◆ Exercise
Using the listing below, select the lines with the word "plantOutput" and copy them.

◆ Given records
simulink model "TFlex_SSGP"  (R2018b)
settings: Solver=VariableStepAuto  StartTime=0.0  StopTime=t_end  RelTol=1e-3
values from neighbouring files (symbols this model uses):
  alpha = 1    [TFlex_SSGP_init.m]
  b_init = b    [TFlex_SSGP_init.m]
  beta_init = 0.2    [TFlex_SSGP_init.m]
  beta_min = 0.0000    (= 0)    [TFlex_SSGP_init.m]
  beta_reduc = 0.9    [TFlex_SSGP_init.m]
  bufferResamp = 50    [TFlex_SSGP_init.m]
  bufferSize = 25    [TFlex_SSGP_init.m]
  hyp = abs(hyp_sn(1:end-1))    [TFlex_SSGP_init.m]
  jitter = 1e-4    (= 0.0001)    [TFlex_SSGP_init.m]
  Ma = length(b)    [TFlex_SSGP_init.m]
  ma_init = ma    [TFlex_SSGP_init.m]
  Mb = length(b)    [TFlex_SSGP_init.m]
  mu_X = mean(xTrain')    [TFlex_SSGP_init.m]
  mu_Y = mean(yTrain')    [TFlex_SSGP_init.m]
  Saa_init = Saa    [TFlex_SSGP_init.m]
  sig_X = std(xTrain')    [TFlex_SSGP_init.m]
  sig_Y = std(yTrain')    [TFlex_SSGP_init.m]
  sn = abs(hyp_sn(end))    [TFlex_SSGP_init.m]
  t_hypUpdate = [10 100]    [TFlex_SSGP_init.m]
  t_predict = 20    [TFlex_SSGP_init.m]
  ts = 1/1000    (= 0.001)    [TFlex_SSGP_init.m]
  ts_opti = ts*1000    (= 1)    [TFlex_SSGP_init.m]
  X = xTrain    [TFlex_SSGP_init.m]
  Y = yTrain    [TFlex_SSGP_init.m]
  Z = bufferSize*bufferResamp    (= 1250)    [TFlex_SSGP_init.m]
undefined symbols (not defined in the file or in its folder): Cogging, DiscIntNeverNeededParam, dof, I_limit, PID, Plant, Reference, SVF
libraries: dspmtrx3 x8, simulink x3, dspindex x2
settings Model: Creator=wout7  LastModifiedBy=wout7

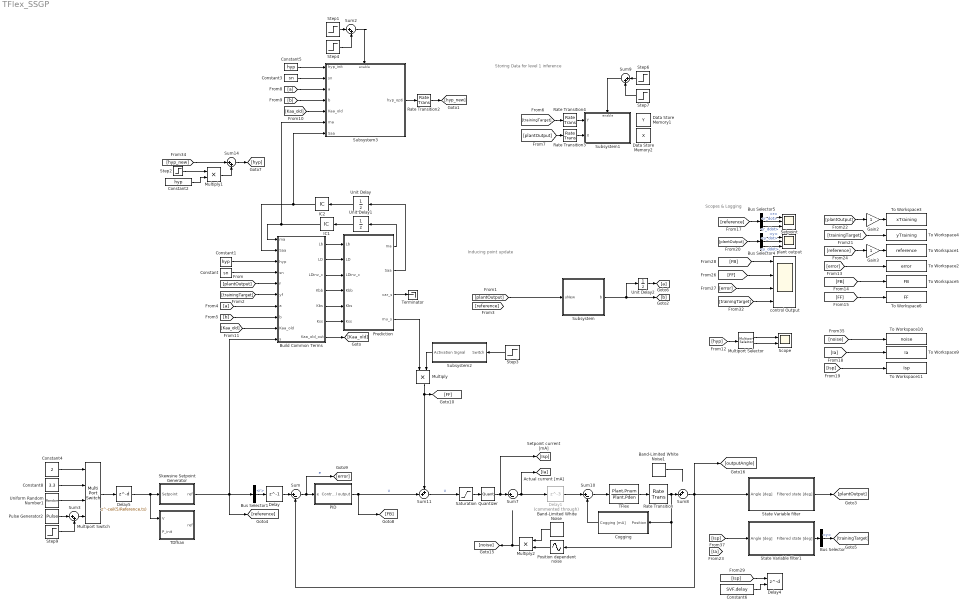
== system TFlex_SSGP ==
  note: Scopes & Logging
  note: Inducing point update
  note: Storing Data for level 1 inference
  Band-Limited White Noise : simulink/Sources/Band-Limited White Noise  Cov=[1e-3]  Ts=ts  seed=48124
  Band-Limited White Noise1 : simulink/Sources/Band-Limited White Noise  Cov=[1e-15]  Ts=ts  seed=[23341]
  Build Common Terms : Subsystem
  Bus Selector : BusSelector  OutputSignals=y
  Bus Selector1 : BusSelector  OutputSignals=r
  Bus Selector4 : BusSelector  OutputSignals=y,y_dot,y_ddot
  Bus Selector5 : BusSelector  OutputSignals=r,r_dot,r_ddot
  Cogging : Subsystem
  Constant : Constant  Value=sn
  Constant1 : Constant  Value=hyp
  Constant2 : Constant  Value=hyp  SampleTime=ts_opti
  Constant3 : Constant  Value=sn  SampleTime=ts_opti
  Constant4 : Constant  Value=2  SampleTime=Reference.ts
  Constant5 : Constant  Value=hyp
  Constant6 : Constant  Value=SVF.delay  SampleTime=ts
  Constant8 : Constant  Value=3.3  SampleTime=Reference.ts
  Data Store Memory1 : DataStoreMemory  DataStoreName=Y  ReadBeforeWriteMsg=warning  WriteAfterWriteMsg=warning  WriteAfterReadMsg=warning  InitialValue=zeros(bufferSize,1)  VectorParams1D=off  ShowAdditionalParam=off  OutDataTypeStr=double
      settings: LockScale=on
  Data Store Memory2 : DataStoreMemory  DataStoreName=X  ReadBeforeWriteMsg=warning  WriteAfterWriteMsg=warning  WriteAfterReadMsg=warning  InitialValue=zeros(bufferSize,3)  VectorParams1D=off  ShowAdditionalParam=off  OutDataTypeStr=double
      settings: LockScale=on
  Delay : Delay  DelayLength=1
  Delay1 : Delay  Commented=through  DelayLength=3  InitialCondition=0
  Delay4 : Delay  DelayLengthSource=Input port  DelayLength=3  InitialCondition=0
      settings: InputPortMap=u0,p1
  Delay5 : Delay  DelayLength=ceil(5/Reference.ts)  SampleTime=Reference.ts
  Gain2 : Gain
  Gain3 : Gain
  IC1 : InitialCondition  Value=ma_init
  IC2 : InitialCondition  Value=Saa_init
  Multiply : Product
  Multiply1 : Product
  Multiply2 : Product
  Multiport Selector : dspindex/Multiport Selector  rowsOrCols=Columns  idxCellArray={ 1:3,4}  idxErrMode=Clip Index
  Multiport Switch : MultiPortSwitch
  PID : Subsystem
  Position dependent noise : Sin  TimeSource=Use external signal  Amplitude=2.5  Bias=7.4979  Frequency=2*pi/13  SampleTime=0
  Prediction : Subsystem
  Pulse Generator2 : DiscretePulseGenerator  Amplitude=2*24  SampleTime=Reference.ts
  Quantizer : Quantizer  QuantizationInterval=1
  Rate Transition : RateTransition  OutPortSampleTime=ts
  Rate Transition2 : RateTransition  OutPortSampleTime=ts
  Rate Transition3 : RateTransition  OutPortSampleTime=ts*bufferResamp
  Rate Transition4 : RateTransition  OutPortSampleTime=ts*bufferResamp
  Saturation : Saturate  UpperLimit=I_limit  LowerLimit=-I_limit
  Scope : Scope  NumInputPorts=2
  Setpoint : Scope  NumInputPorts=3
  Skewsine Setpoint Generator : Subsystem
  State Variable filter : Subsystem
  State Variable filter1 : Subsystem
  Step1 : Step  Time=t_hypUpdate(2)  After=-1  SampleTime=ts_opti
  Step2 : Step  Time=t_hypUpdate(1)+ts  Before=1  After=0  SampleTime=ts_opti
  Step3 : Step  Time=t_predict  SampleTime=0
  Step4 : Step  Time=t_hypUpdate(1)  SampleTime=ts_opti
  Step6 : Step  Time=t_hypUpdate(2)  After=-1  SampleTime=ts_opti
  Step7 : Step  Time=t_hypUpdate(1)-Z*ts  SampleTime=ts_opti
  Step9 : Step  Time=0  After=-24  SampleTime=Reference.ts
  Subsystem : Subsystem
  Subsystem1 : Subsystem
  Subsystem2 : Subsystem
  Subsystem3 : Subsystem
  Sum : Sum  Inputs=|+-
  Sum10 : Sum  Inputs=|+-
  Sum11 : Sum  Inputs=++|
  Sum{2..3,9,14} (4 alike) : Sum  Inputs=|++
  Sum7 : Sum  Inputs=|+-
  Sum8 : Sum  Inputs=++|
  TDfhan : Subsystem
  TFlex : TransferFcn  Numerator=Plant.Pnum  Denominator=Plant.Pden  ContinuousStateAttributes='angle'
  Terminator : Terminator
  To Workspace1 : ToWorkspace  VariableName=reference  SampleTime=-1
  To Workspace10 : ToWorkspace  VariableName=noise  SampleTime=-1
  To Workspace11 : ToWorkspace  VariableName=Isp  SampleTime=-1
  To Workspace2 : ToWorkspace  VariableName=error  SampleTime=-1
  To Workspace3 : ToWorkspace  VariableName=xTraining  SampleTime=-1
  To Workspace4 : ToWorkspace  VariableName=yTraining  SampleTime=-1
  To Workspace5 : ToWorkspace  VariableName=FB  SampleTime=-1
  To Workspace6 : ToWorkspace  VariableName=FF  SampleTime=-1
  To Workspace9 : ToWorkspace  VariableName=Ia  SampleTime=-1
  Uniform Random Number1 : UniformRandomNumber  Minimum=-23  Maximum=23  Seed=Reference.seed  SampleTime=Reference.ts
  Unit Delay : UnitDelay  SampleTime=-1
  Unit Delay1 : UnitDelay  SampleTime=-1
  Unit Delay2 : UnitDelay  SampleTime=-1
  control Output : Scope  NumInputPorts=4
  plant output : Scope  NumInputPorts=3
  wires:
  Sum/1 -> [error], PID/1(e)  "e"
  Sum8/1 -> [outputAngle], Sum/2, State Variable filter/1(Angle [deg])
  Bus Selector1/1 -> Delay/1  "<r>"
  TFlex/1 -> Rate Transition/1
  [reference] -> Gain3/1
  Bus Selector5/2 -> Setpoint/2  "<r_dot>"
  Bus Selector5/1 -> Setpoint/1  "<r>"
  [error] -> To Workspace2/1
  Bus Selector5/3 -> Setpoint/3  "<r_ddot>"
  [FB] -> To Workspace5/1
  [plantOutput] -> Gain2/1
  Gain2/1 -> To Workspace3/1
  [plantOutput] -> Bus Selector4/1
  Gain3/1 -> To Workspace1/1
  Bus Selector4/1 -> plant output/1  "<y>"
  Bus Selector4/3 -> plant output/3  "<y_ddot>"
  [reference] -> Bus Selector5/1
  [trainingTarget] -> To Workspace4/1
  Bus Selector4/2 -> plant output/2  "<y_dot>"
  [FF] -> To Workspace6/1
  [trainingTarget] -> control Output/4
  [FF] -> control Output/2
  [error] -> control Output/3
  [FB] -> control Output/1
  Saturation/1 -> Quantizer/1
  PID/1(Control output) -> Sum11/2, [FB]  "u"
  State Variable filter/1(Filtered state [deg]) -> [plantOutput]
  Rate Transition/1 -> Sum8/2, Cogging/1(Position), Position dependent noise/1
  Constant6/1 -> Delay4/2
  Sum11/1 -> Saturation/1  "u"
  [Isp] -> Delay4/1
  Sum10/1 -> TFlex/1
  State Variable filter1/1(Filtered state [deg]) -> Bus Selector/1
  Sum7/1 -> Delay1/1, [Ia]
  Multiply2/1 -> [noise]
  Cogging/1(Cogging [mA]) -> Sum10/2
  Quantizer/1 -> [Isp], Sum7/1
  Multiply/1 -> Sum11/1, [FF]
  Band-Limited White Noise/1 -> Multiply2/1
  Position dependent noise/1 -> Multiply2/2
  [noise] -> To Workspace10/1
  [Ia] -> To Workspace9/1
  [Isp] -> To Workspace11/1
  Band-Limited White Noise1/1 -> ?
  Delay1/1 -> Sum10/1
  [Isp] -> State Variable filter1/1(Angle [deg])
  Prediction/1(ma) -> Unit Delay1/1
  Prediction/2(Saa) -> Unit Delay/1
  Unit Delay/1 -> IC2/1
  Unit Delay1/1 -> IC1/1
  Prediction/3(var_s) -> Terminator/1
  [plantOutput] -> Build Common Terms/5(f)
  [trainingTarget] -> Build Common Terms/6(yf)
  Constant/1 -> Build Common Terms/4(sn)
  Constant1/1 -> Build Common Terms/3(hyp)
  [a] -> Build Common Terms/7(a)
  [b] -> Build Common Terms/8(b)
  Build Common Terms/1(Lb) -> Prediction/1(Lb)
  Build Common Terms/2(LD) -> Prediction/2(LD)
  Build Common Terms/3(LDinv_c) -> Prediction/3(LDinv_c)
  Build Common Terms/4("Kbb ") -> Prediction/4(Kbb)
  Build Common Terms/5(Kbs) -> Prediction/5(Kbs)
  Build Common Terms/6(Kss) -> Prediction/6(Kss)
  Bus Selector/1 -> [trainingTarget]  "<y>"
  Unit Delay2/1 -> [a]
  IC1/1 -> Subsystem3/6(ma), Build Common Terms/1(ma)
  Prediction/4(mu_s) -> Multiply/1
  Subsystem2/1(Activation Signal) -> Multiply/2
  Step3/1 -> Subsystem2/1(Switch)
  Subsystem/1(b) -> Unit Delay2/1, [b]
  Constant8/1 -> Multiport Switch/2
  Pulse Generator2/1 -> Sum3/1
  Uniform Random Number1/1 -> Multiport Switch/3
  Sum3/1 -> Multiport Switch/4
  Multiport Switch/1 -> Delay5/1
  Step9/1 -> Sum3/2
  Constant4/1 -> Multiport Switch/1
  Delay5/1 -> Skewsine Setpoint Generator/1(Setpoint), TDfhan/1(V)
  Step7/1 -> Sum9/2
  Sum9/1 -> Subsystem1/Enable
  Rate Transition3/1 -> Subsystem1/2(X)
  Step6/1 -> Sum9/1
  [trainingTarget] -> Rate Transition4/1
  [plantOutput] -> Rate Transition3/1
  Rate Transition4/1 -> Subsystem1/1(Y)
  [a] -> Subsystem3/3(a)
  [b] -> Subsystem3/4(b)
  Build Common Terms/7(Kaa_old_out) -> [Kaa_old]
  [Kaa_old] -> Subsystem3/5(Kaa_old)
  [Kaa_old] -> Build Common Terms/9(Kaa_old)
  Subsystem3/1(hyp_opti) -> Rate Transition2/1
  Constant2/1 -> Multiply1/2
  Sum14/1 -> [hyp]
  Multiply1/1 -> Sum14/2
  [hyp_new] -> Sum14/1
  Step2/1 -> Multiply1/1
  Constant5/1 -> Subsystem3/1(hyp_init)
  Constant3/1 -> Subsystem3/2(sn)
  IC2/1 -> Subsystem3/7(Saa), Build Common Terms/2(Saa)
  Sum2/1 -> Subsystem3/Enable
  Step4/1 -> Sum2/2
  Step1/1 -> Sum2/1
  Rate Transition2/1 -> [hyp_new]
  [hyp] -> Multiport Selector/1
  Multiport Selector/1 -> Scope/1
  Multiport Selector/2 -> Scope/2
  [plantOutput] -> Subsystem/1(uNew)
  Delay/1 -> Sum/1
  Skewsine Setpoint Generator/1(ref) -> Bus Selector1/1, Build Common Terms/10(s), [reference]

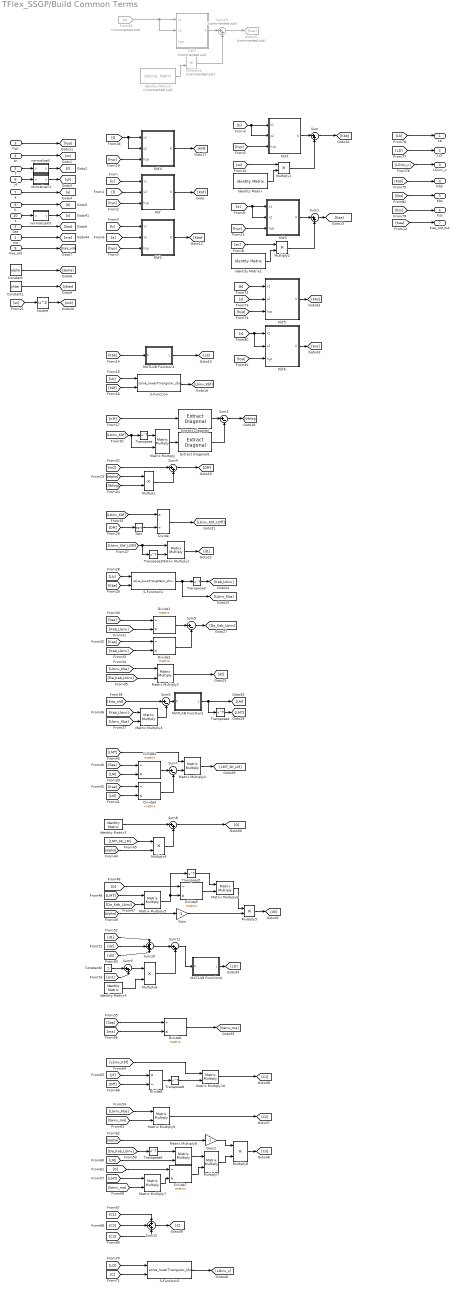
== system TFlex_SSGP/Build Common Terms ==
  ma : Inport  PortDimensions=[Ma,1]
  Saa : Inport  Port=2
  hyp : Inport  Port=3
  sn : Inport  Port=4
  f : Inport  Port=5  PortDimensions=[1,dof]
  yf : Inport  Port=6  PortDimensions=[1,1]
  a : Inport  Port=7
  b : Inport  Port=8
  Kaa_old : Inport  Port=9
  s : Inport  Port=10  PortDimensions=[1,dof]
  Constant : Constant  Value=alpha
  Constant1 : Constant  Value=jitter
  Constant2 : Constant
  Divide : Product  Inputs=*/
  Divide{1..7} (7 alike) : Product  Inputs=/*  Multiplication=Matrix(*)
  Divide8 : Product  Inputs=*/
  Extract Diagonal : dspmtrx3/Extract Diagonal
      settings: SourceProductName=DSP System Toolbox  SourceProductBaseCode=DS
  Extract Diagonal1 : dspmtrx3/Extract Diagonal
      settings: SourceProductName=DSP System Toolbox  SourceProductBaseCode=DS
  From83 : From  Commented=on  GotoTag=a
  Gain : Gain  Gain=-1
  Gain1 : Gain  Gain=-1
  Goto45 : Goto  Commented=on  GotoTag=Kaa
  Identity Matrix : dspmtrx3/Identity Matrix  Inherit=off  N=Mb  Ts=1  dataType=double  isSigned=on  wordLen=16  udDataType=sfix(16)  fracBitsMode=Best precision  numFracBits=15  OutDataTypeStr=double  LastOutDataTypeStr=double
      settings: SourceProductName=DSP System Toolbox
  Identity Matrix1 : dspmtrx3/Identity Matrix  Inherit=off  N=Ma  Ts=1  dataType=double  isSigned=on  wordLen=16  udDataType=sfix(16)  fracBitsMode=Best precision  numFracBits=15  OutDataTypeStr=double  LastOutDataTypeStr=double
      settings: SourceProductName=DSP System Toolbox
  Identity Matrix3 : dspmtrx3/Identity Matrix  Inherit=off  N=Ma  Ts=1  dataType=double  isSigned=on  wordLen=16  udDataType=sfix(16)  fracBitsMode=Best precision  numFracBits=15  OutDataTypeStr=double  LastOutDataTypeStr=double
      settings: SourceProductName=DSP System Toolbox
  Identity Matrix4 : dspmtrx3/Identity Matrix  Inherit=off  N=Mb  Ts=1  dataType=double  isSigned=on  wordLen=16  udDataType=sfix(16)  fracBitsMode=Best precision  numFracBits=15  OutDataTypeStr=double  LastOutDataTypeStr=double
      settings: SourceProductName=DSP System Toolbox
  Identity Matrix5 : dspmtrx3/Identity Matrix  Commented=on  Inherit=off  N=Mb  Ts=1  dataType=double  isSigned=on  wordLen=16  udDataType=sfix(16)  fracBitsMode=Best precision  numFracBits=15  OutDataTypeStr=double  LastOutDataTypeStr=double
      settings: SourceProductName=DSP System Toolbox
  Kbf : MATLAB Function  TreatAsAtomicUnit=on
  Kbf1 : MATLAB Function  TreatAsAtomicUnit=on
  Kbf2 : MATLAB Function  TreatAsAtomicUnit=on
  Kbf3 : MATLAB Function  TreatAsAtomicUnit=on
  Kbf4 : MATLAB Function  TreatAsAtomicUnit=on
  Kbf5 : MATLAB Function  TreatAsAtomicUnit=on
  Kbf6 : MATLAB Function  TreatAsAtomicUnit=on
  Kbf7 : MATLAB Function  Commented=on  TreatAsAtomicUnit=on
  MATLAB Function1 : MATLAB Function  TreatAsAtomicUnit=on
  MATLAB Function2 : MATLAB Function  TreatAsAtomicUnit=on
  MATLAB Function4 : MATLAB Function  TreatAsAtomicUnit=on
  Matrix Multiply{,1..10} (11 alike) : Product  Multiplication=Matrix(*)
  Multiply{,1..2,4..6,8} (7 alike) : Product
  Multiply7 : Product  Multiplication=Matrix(*)
  Multiply9 : Product  Commented=on
  S-Function : S-Function  FunctionName=solve_lowerTriangular_sfun  Parameters=Mb  SFunctionDeploymentMode=off  EnableBusSupport=off
  S-Function1 : S-Function  FunctionName=solve_lowerTriangMatrix_sfun  Parameters=Mb  SFunctionDeploymentMode=off  EnableBusSupport=off
  S-Function2 : S-Function  FunctionName=solve_lowerTriangular_sfun  Parameters=Mb  SFunctionDeploymentMode=off  EnableBusSupport=off
  Sqrt : Sqrt  SaturateOnIntegerOverflow=on
  Square : Math  Operator=square  SaturateOnIntegerOverflow=on
  Sum{,1,4,8..9,11} (6 alike) : Sum  Inputs=|++
  Sum10 : Sum  Inputs=+++
  Sum12 : Sum  Inputs=+++
  Sum13 : Sum  Commented=on  Inputs=|++
  Sum{3,5..7} (4 alike) : Sum  Inputs=|+-
  Transpose{,2..6,8} (7 alike) : Math  Operator=transpose  SaturateOnIntegerOverflow=on
  normalizeX : MATLAB Function  TreatAsAtomicUnit=on
  normalizeX3 : MATLAB Function  TreatAsAtomicUnit=on
  normalizeY1 : MATLAB Function  TreatAsAtomicUnit=on
  Lb : Outport
  LD : Outport  Port=2
  LDinv_c : Outport  Port=3
  "Kbb " : Outport  Port=4
  Kbs : Outport  Port=5
  Kss : Outport  Port=6
  Kaa_old_out : Outport  Port=7
  wires:
  Saa/1 -> [Saa]
  yf/1 -> normalizeY1/1(u)
  f/1 -> normalizeX/1(u)
  sn/1 -> [sn]
  hyp/1 -> [hyp]
  Constant/1 -> [alpha]
  Constant1/1 -> [jitter]
  [b] -> Kbf/1(x1)
  [f] -> Kbf/2(x2)
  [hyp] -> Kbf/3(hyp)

◆ Result for this exercise
  [plantOutput] -> Gain2/1
  [plantOutput] -> Bus Selector4/1
  State Variable filter/1(Filtered state [deg]) -> [plantOutput]
  [plantOutput] -> Build Common Terms/5(f)
  [plantOutput] -> Rate Transition3/1
  [plantOutput] -> Subsystem/1(uNew)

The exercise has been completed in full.